# 1976 9.9 evinrude



## Alumacraft (Jul 31, 2010)

okay I just bought a 9.9 evinrude from a guy, last time he ran it was 1.5 years ago. I cant get it started, it has spark. My guess is the carb is dirty because of the old gas? maybe a fuel pump? Monday I'm bringing it in for a carb cleaning. 

is there anything I should try to do today to see if I can get it running? I dont know alot about outboards so walk me through it.


----------



## crazymanme2 (Jul 31, 2010)

Cleaning the carb would be a good start.If you like put some gas-oil mix down the carb to see if it starts.Don't run too long without any water.Before you take it out for its maiden voyage repalce the water pump impeller.That motor has points which should be set at .020.
Very good motor.I have one same year with a 15hp carb on it.


----------



## Truckmechanic (Jul 31, 2010)

I would start with a good carb cleaning as mentioned. Also as stated I would replace the impeller too, if it has set for that long it has probably rotted.


----------



## bassboy1 (Jul 31, 2010)

Check for spark. Often, even if the points are gapped correctly, they are slightly corroded from sitting, and just need to be cleaned with some real fine sandpaper, then gapped.


----------



## Alumacraft (Jul 31, 2010)

Serial #
10624R
E0001121

1976' Right, HELP ASAP


----------



## Alumacraft (Jul 31, 2010)

okay sent my carb in for cleaning and they will be ordering a fuel pump too, he estimated about $100 for cleaning and the pump. how much is a 76' fuel pump kit? carb kit?

When I tore the carb out, the bottom of the pan was all rusted, but they said they would take care of it.


----------



## Alumacraft (Jul 31, 2010)

can somebody clarify if its a 76'


----------



## KMixson (Jul 31, 2010)

I have a 1975 9.9 Evinrude. Those are some good motors. You can try to get some fuel/oil mix into the carb by spraying a little into the throat of the carb with a spray bottle.

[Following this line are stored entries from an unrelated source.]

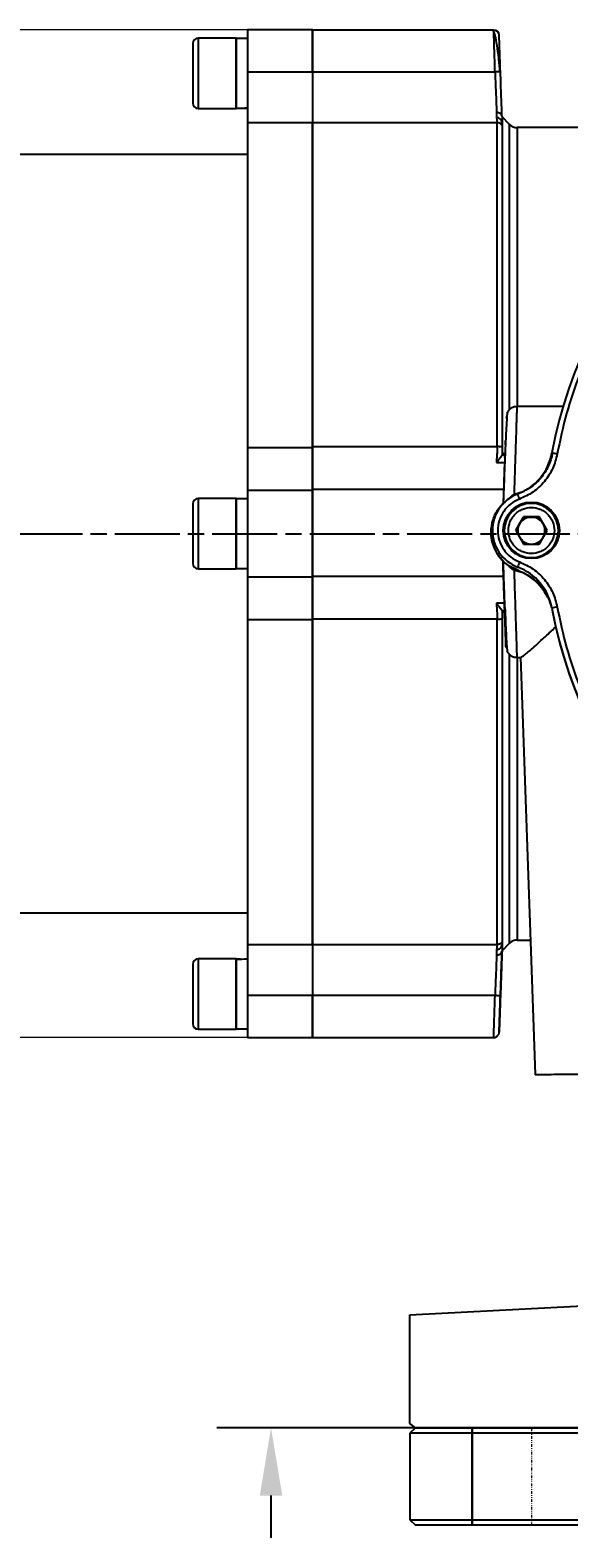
# Model space of a CAD drawing. Header units: millimetres. Extents: x 2063 to 4500, y 825 to 2548.
# Drawn here: x 3607.6 to 3707, y 2065.7 to 2342.3 of the extents above; entities that cross this region are included whole.
import ezdxf

# ---------------------------------------------------------------- set-up
doc = ezdxf.new("R2010")
doc.units = ezdxf.units.MM
doc.linetypes.add('AM_ISO08W050', pattern=[18, 12, -1.5, 3, -1.5])
doc.linetypes.add('DIVIDE', pattern=[1.25, 0.5, -0.25, 0, -0.25, 0, -0.25])
doc.layers.add('5剖面线层', color=2, linetype='Continuous')
doc.layers.add('AM_5', color=3, linetype='Continuous', lineweight=25)
doc.layers.add('AM_7', color=4, linetype='AM_ISO08W050', lineweight=25)
doc.styles.add('SLDTEXTSTYLE1', font='txt.shx', dxfattribs={"width": 0.7, "bigfont": 'gbcbig.shx'})
doc.styles.get("Standard").update_dxf_attribs({"font": 'arial.ttf'})
doc.styles.add('TH_GBDIM', font='simplex.shx', dxfattribs={"width": 0.707, "bigfont": 'hzfs.shx'})
doc.dimstyles.new('ISO-25$0', dxfattribs={"dimtxt": 2.5, "dimasz": 2.5, "dimexe": 1.25, "dimexo": 0.625, "dimtad": 1, "dimtxsty": 'Standard', "dimcen": 2.5, "dimdle": 5, "dimadec": 0, "dimazin": 0, "dimtfac": 1, "dimtmove": 0, "dimatfit": 3, "dimfxl": 0, "dimarcsym": 0})
doc.dimstyles.new('SLDDIMSTYLE12$0', dxfattribs={"dimtxt": 12, "dimasz": 10, "dimexe": 0, "dimexo": 0.0625, "dimgap": 0.875, "dimtad": 1, "dimdec": 1, "dimlfac": 1.8, "dimrnd": 1e-09, "dimzin": 12, "dimdsep": 46, "dimtxsty": 'SLDTEXTSTYLE1', "dimcen": 0.09, "dimdle": 8.16, "dimclrd": 3, "dimclre": 3, "dimadec": 0, "dimazin": 3, "dimtfac": 1, "dimtdec": 1, "dimtofl": 0, "dimtmove": 0, "dimatfit": 3, "dimfxl": 0, "dimfrac": 2, "dimtolj": 1, "dimlwd": 5, "dimlwe": 5, "dimarcsym": 0})

# ---------------------------------------------------------------- blocks, each defined once
blk = doc.blocks.new('*D54')
at = {"color": 1, "linetype": 'Continuous', "transparency": 16777216}
for p, q in [((3780.32, 2084.17), (3642.17, 2084.17)), ((3652.17, 1696.67), (3652.17, 2071.67)), ((3780.32, 1684.17), (3642.17, 1684.17))]:
    blk.add_line(p, q, dxfattribs=at)
at = {"color": 1, "linetype": 'ByBlock', "transparency": 16777216}
for points in [[(3650.09, 2071.67), (3654.25, 2071.67), (3652.17, 2084.17)], [(3650.09, 1696.67), (3654.25, 1696.67), (3652.17, 1684.17)]]:
    blk.add_solid(points, dxfattribs=at)
at = {"layer": 'Defpoints', "color": 0, "linetype": 'ByBlock', "transparency": 16777216}
for p in [(3652.17, 2084.17), (3782.82, 2084.17), (3782.82, 1684.17)]:
    blk.add_point(p, dxfattribs=at)
at = {"color": 1, "linetype": 'ByBlock', "lineweight": 5, "transparency": 16777216, "insert": (3639.67, 1884.17), "char_height": 15, "attachment_point": 5, "rotation": 90, "style": 'TH_GBDIM'}
blk.add_mtext('400', dxfattribs=at)
blk = doc.blocks.new('*D47')
at = {"layer": 'AM_5', "color": 3, "lineweight": 5, "transparency": 16777216}
blk.add_line((3647.76, 2342.25), (3478.55, 2342.25), dxfattribs=at)
at = {"layer": 'AM_5', "color": 3, "linetype": 'Continuous', "lineweight": 5, "transparency": 16777216}
for p, q in [((3478.55, 2332.25), (3478.55, 2166.25)), ((3647.76, 2156.25), (3478.55, 2156.25))]:
    blk.add_line(p, q, dxfattribs=at)
at = {"layer": 'AM_5', "color": 3, "transparency": 16777216}
for points in [[(3476.88, 2332.25), (3480.22, 2332.25), (3478.55, 2342.25)], [(3476.88, 2166.25), (3480.22, 2166.25), (3478.55, 2156.25)]]:
    blk.add_solid(points, dxfattribs=at)
at = {"layer": 'Defpoints', "color": 0, "transparency": 16777216}
for p in [(3647.82, 2342.25), (3478.55, 2156.25), (3647.82, 2156.25)]:
    blk.add_point(p, dxfattribs=at)
at = {"layer": 'AM_5', "color": 0, "transparency": 16777216, "insert": (3471.67, 2249.25), "char_height": 12, "attachment_point": 5, "rotation": 90, "style": 'SLDTEXTSTYLE1'}
blk.add_mtext('\\A1;186', dxfattribs=at)

msp = doc.modelspace()

# ---------------------------------------------------------------- linework, layer by layer
at = {"color": 7, "linetype": 'Continuous', "lineweight": 25}
for p, q in [((3645.724, 2340.75), (3638.724, 2340.75)), ((3638.724, 2340.75), (3638.724, 2334.25)), ((3645.724, 2340.75), (3645.724, 2334.25)), ((3647.824, 2340.69), (3645.724, 2340.69)), ((3645.724, 2327.81), (3645.724, 2340.69)), ((3659.824, 2342.25), (3647.824, 2342.25)), ((3647.824, 2342.25), (3647.824, 2334.53)), ((3659.824, 2334.53), (3659.824, 2342.25)), ((3693.299, 2342.23), (3659.824, 2342.23)), ((3693.488, 2341.393), (3693.262, 2342.09)), ((3647.824, 2334.53), (3659.824, 2334.53)), ((3647.824, 2334.53), (3647.824, 2325.095)), ((3659.824, 2334.53), (3659.824, 2325.094)), ((3659.824, 2334.527), (3693.535, 2334.527)), ((3638.724, 2334.25), (3638.724, 2327.75)), ((3645.724, 2334.25), (3645.724, 2327.75)), ((3638.724, 2327.75), (3645.724, 2327.75)), ((3693.824, 2326.067), (3693.958, 2325.108)), ((3694.824, 2326.246), (3694.824, 2325.184)), ((3696.238, 2324.816), (3694.824, 2326.23)), ((3659.824, 2325.094), (3647.824, 2325.095)), ((3693.958, 2325.108), (3659.824, 2325.108)), ((3694.825, 2325.11), (3694.755, 2325.507)), ((3694.824, 2325.184), (3694.824, 2324.619)), ((3710.788, 2324.23), (3697.652, 2324.23)), ((3647.824, 2319.25), (3506.824, 2319.251)), ((3706.084, 2272.708), (3697.568, 2272.708)), ((3647.823, 2265.183), (3659.823, 2265.183)), ((3647.823, 2265.183), (3647.823, 2257.245)), ((3659.823, 2265.336), (3693.957, 2265.325)), ((3659.823, 2265.183), (3659.823, 2257.596)), ((3694.823, 2265.221), (3694.823, 2263.765)), ((3695.417, 2266.416), (3695.391, 2265.669)), ((3695.417, 2266.425), (3695.417, 2266.416)), ((3694.808, 2263.737), (3694.823, 2263.765)), ((3695.324, 2263.737), (3694.808, 2263.737)), ((3694.823, 2263.765), (3695.302, 2264.129)), ((3695.337, 2264.117), (3695.309, 2263.322)), ((3695.337, 2264.13), (3695.337, 2264.117)), ((3693.83, 2262.389), (3695.328, 2262.389)), ((3695.218, 2260.702), (3695.011, 2254.782)), ((3695.245, 2261.488), (3695.218, 2260.702)), ((3695.245, 2261.505), (3695.245, 2261.488)), ((3659.823, 2257.245), (3647.823, 2257.245)), ((3647.823, 2257.245), (3647.823, 2241.255)), ((3695.102, 2257.407), (3659.823, 2257.407)), ((3659.823, 2241.255), (3659.823, 2257.245)), ((3697.578, 2256.67), (3698.306, 2256.902)), ((3645.723, 2255.75), (3638.723, 2255.75)), ((3638.723, 2255.75), (3638.723, 2242.75)), ((3645.723, 2255.75), (3645.723, 2242.75)), ((3647.823, 2255.69), (3645.723, 2255.69)), ((3645.723, 2242.81), (3645.723, 2255.69)), ((3697.05, 2256.515), (3697.578, 2256.67)), ((3697.527, 2256.461), (3697.758, 2256.588)), ((3698.803, 2252.336), (3697.359, 2249.836)), ((3698.081, 2251.08), (3698.803, 2252.33)), ((3701.689, 2252.336), (3698.803, 2252.336)), ((3698.803, 2252.33), (3698.803, 2252.336)), ((3698.803, 2252.33), (3700.246, 2252.33)), ((3700.246, 2252.33), (3701.689, 2252.33)), ((3703.133, 2249.836), (3701.689, 2252.336)), ((3701.689, 2252.33), (3701.689, 2252.336)), ((3701.689, 2252.33), (3702.411, 2251.08)), ((3692.823, 2249.541), (3692.823, 2249.468)), ((3693.046, 2249.839), (3693.046, 2249.805)), ((3695.246, 2249.835), (3695.246, 2249.824)), ((3697.359, 2249.836), (3698.803, 2247.336)), ((3697.361, 2249.833), (3698.081, 2251.08)), ((3701.689, 2247.336), (3703.133, 2249.836)), ((3702.411, 2251.08), (3703.131, 2249.833)), ((3705.246, 2249.824), (3705.246, 2249.835)), ((3698.803, 2247.336), (3701.689, 2247.336)), ((3697.714, 2243.065), (3697.714, 2243.098)), ((3638.723, 2242.75), (3645.723, 2242.75)), ((3645.723, 2242.81), (3647.823, 2242.81)), ((3647.823, 2241.255), (3659.823, 2241.255)), ((3647.823, 2241.255), (3647.823, 2233.317)), ((3659.823, 2241.417), (3695.101, 2241.417)), ((3659.823, 2241.255), (3659.823, 2233.317)), ((3695.101, 2241.417), (3695.106, 2241.281)), ((3697.603, 2242.333), (3697.046, 2242.493)), ((3697.642, 2242.464), (3697.603, 2242.333)), ((3698.24, 2242.14), (3697.603, 2242.333)), ((3697.758, 2242.42), (3697.758, 2242.493)), ((3703.265, 2237.493), (3703.156, 2237.741)), ((3695.276, 2236.4), (3693.83, 2236.4)), ((3694.823, 2235.018), (3694.807, 2235.046)), ((3694.807, 2235.046), (3695.324, 2235.046)), ((3694.823, 2235.018), (3694.823, 2233.561)), ((3695.339, 2234.624), (3694.823, 2235.018)), ((3695.326, 2235.046), (3695.388, 2235.046)), ((3704.037, 2235.526), (3704.037, 2235.492)), ((3659.823, 2233.317), (3647.823, 2233.317)), ((3693.957, 2233.459), (3659.823, 2233.456)), ((3698.264, 2226.462), (3700.954, 2149.413)), ((3697.556, 2226.416), (3698.333, 2226.416)), ((3506.823, 2179.251), (3647.823, 2179.25)), ((3694.823, 2173.909), (3694.823, 2173.33)), ((3697.651, 2174.23), (3700.088, 2174.23)), ((3647.823, 2173.406), (3659.823, 2173.405)), ((3647.823, 2173.406), (3647.823, 2163.97)), ((3659.823, 2173.42), (3693.957, 2173.42)), ((3659.823, 2173.405), (3659.823, 2163.97)), ((3693.957, 2173.42), (3693.823, 2172.449)), ((3693.823, 2172.449), (3693.823, 2171.487)), ((3694.747, 2172.993), (3694.823, 2173.33)), ((3694.754, 2173.009), (3694.824, 2173.406)), ((3694.823, 2172.23), (3696.237, 2173.644)), ((3694.823, 2173.33), (3694.823, 2172.261)), ((3694.823, 2172.261), (3694.823, 2172.23)), ((3694.823, 2172.23), (3694.823, 2172.203)), ((3645.723, 2170.75), (3638.723, 2170.75)), ((3638.723, 2170.75), (3638.723, 2157.75)), ((3645.723, 2170.75), (3645.723, 2157.75)), ((3645.723, 2157.812), (3645.723, 2170.575)), ((3659.823, 2163.97), (3647.823, 2163.97)), ((3647.823, 2163.97), (3647.823, 2156.25)), ((3659.823, 2156.25), (3659.823, 2163.97)), ((3693.534, 2163.967), (3659.823, 2163.967)), ((3638.723, 2157.75), (3645.723, 2157.75)), ((3645.723, 2157.81), (3647.823, 2157.81)), ((3647.823, 2156.25), (3659.823, 2156.25)), ((3659.823, 2156.23), (3693.3, 2156.23)), ((3678.822, 2084.172), (3677.822, 2083.172)), ((3678.822, 2084.172), (3677.822, 2083.172)), ((3677.822, 2083.172), (3677.822, 2067.172)), ((3782.822, 2083.172), (3677.822, 2083.172)), ((3887.822, 2083.172), (3677.822, 2083.172)), ((3678.822, 2084.172), (3782.822, 2084.172)), ((3678.822, 2084.172), (3886.822, 2084.172)), ((3677.822, 2067.172), (3678.822, 2066.172)), ((3677.822, 2067.172), (3782.822, 2067.172)), ((3782.822, 2066.172), (3678.822, 2066.172))]:
    msp.add_line(p, q, dxfattribs=at)
at = {"linetype": 'ByBlock'}
for p, q in [((3677.826, 2105.011), (3718.352, 2107.182)), ((3677.826, 2084.981), (3677.826, 2105.011)), ((3678.822, 2084.172), (3677.826, 2084.981))]:
    msp.add_line(p, q, dxfattribs=at)
at = {"lineweight": 30}
msp.add_line((3689.322, 2066.172), (3689.322, 2084.172), dxfattribs=at)
at = {"color": 7, "linetype": 'Continuous', "lineweight": 25, "flags": 128}
for points in [[(3693.824, 2327.024), (3693.824, 2326.89), (3693.824, 2326.761), (3693.824, 2326.635), (3693.824, 2326.513), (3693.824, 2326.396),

Do not spray too much or it will flood and lose its ability to spark. Spay a small shot into it and give it a try. If it does not fire after a couple of pulls, give it another small shot and so on. As you keep spraying small shots into it, it should try and start after a couple of times. If it fires you know that it is not getting fuel and that the carb rebuild might help. If it fires do not try to start it over and over again with the spray bottle. Once or twice should not hurt anything. If you keep doing that you are running it out of gas/oil mix every time and it is losing its lubricating protection.


----------



## KMixson (Jul 31, 2010)

That serial number shows it as a 1976 motor.


----------



## po1 (Jul 31, 2010)

10(hp) 6(yr) you have a 76 evinrude 9.9. I own the same model picked it up last month for $150 at a garage sale I lucked out the owner did a major upgrade on a new boat/motor and just wanted to make room in his garage.


----------



## Whoopbass (Jul 31, 2010)

If your mechanic is doing all that then your getting a good deal. Figure $20 for the carb kit and another $15 for the fuel pump kit. Is he cleaning the carb or rebuilding it? Either one works but you save the money on the rebuild kit if you just clean it.
Next time buy a manual and do this EASY stuff yourself so you have more money for fishing gear.


----------



## bassboy1 (Aug 1, 2010)

Whoopbass said:


> Is he cleaning the carb or rebuilding it? Either one works but you save the money on the rebuild kit if you just clean it.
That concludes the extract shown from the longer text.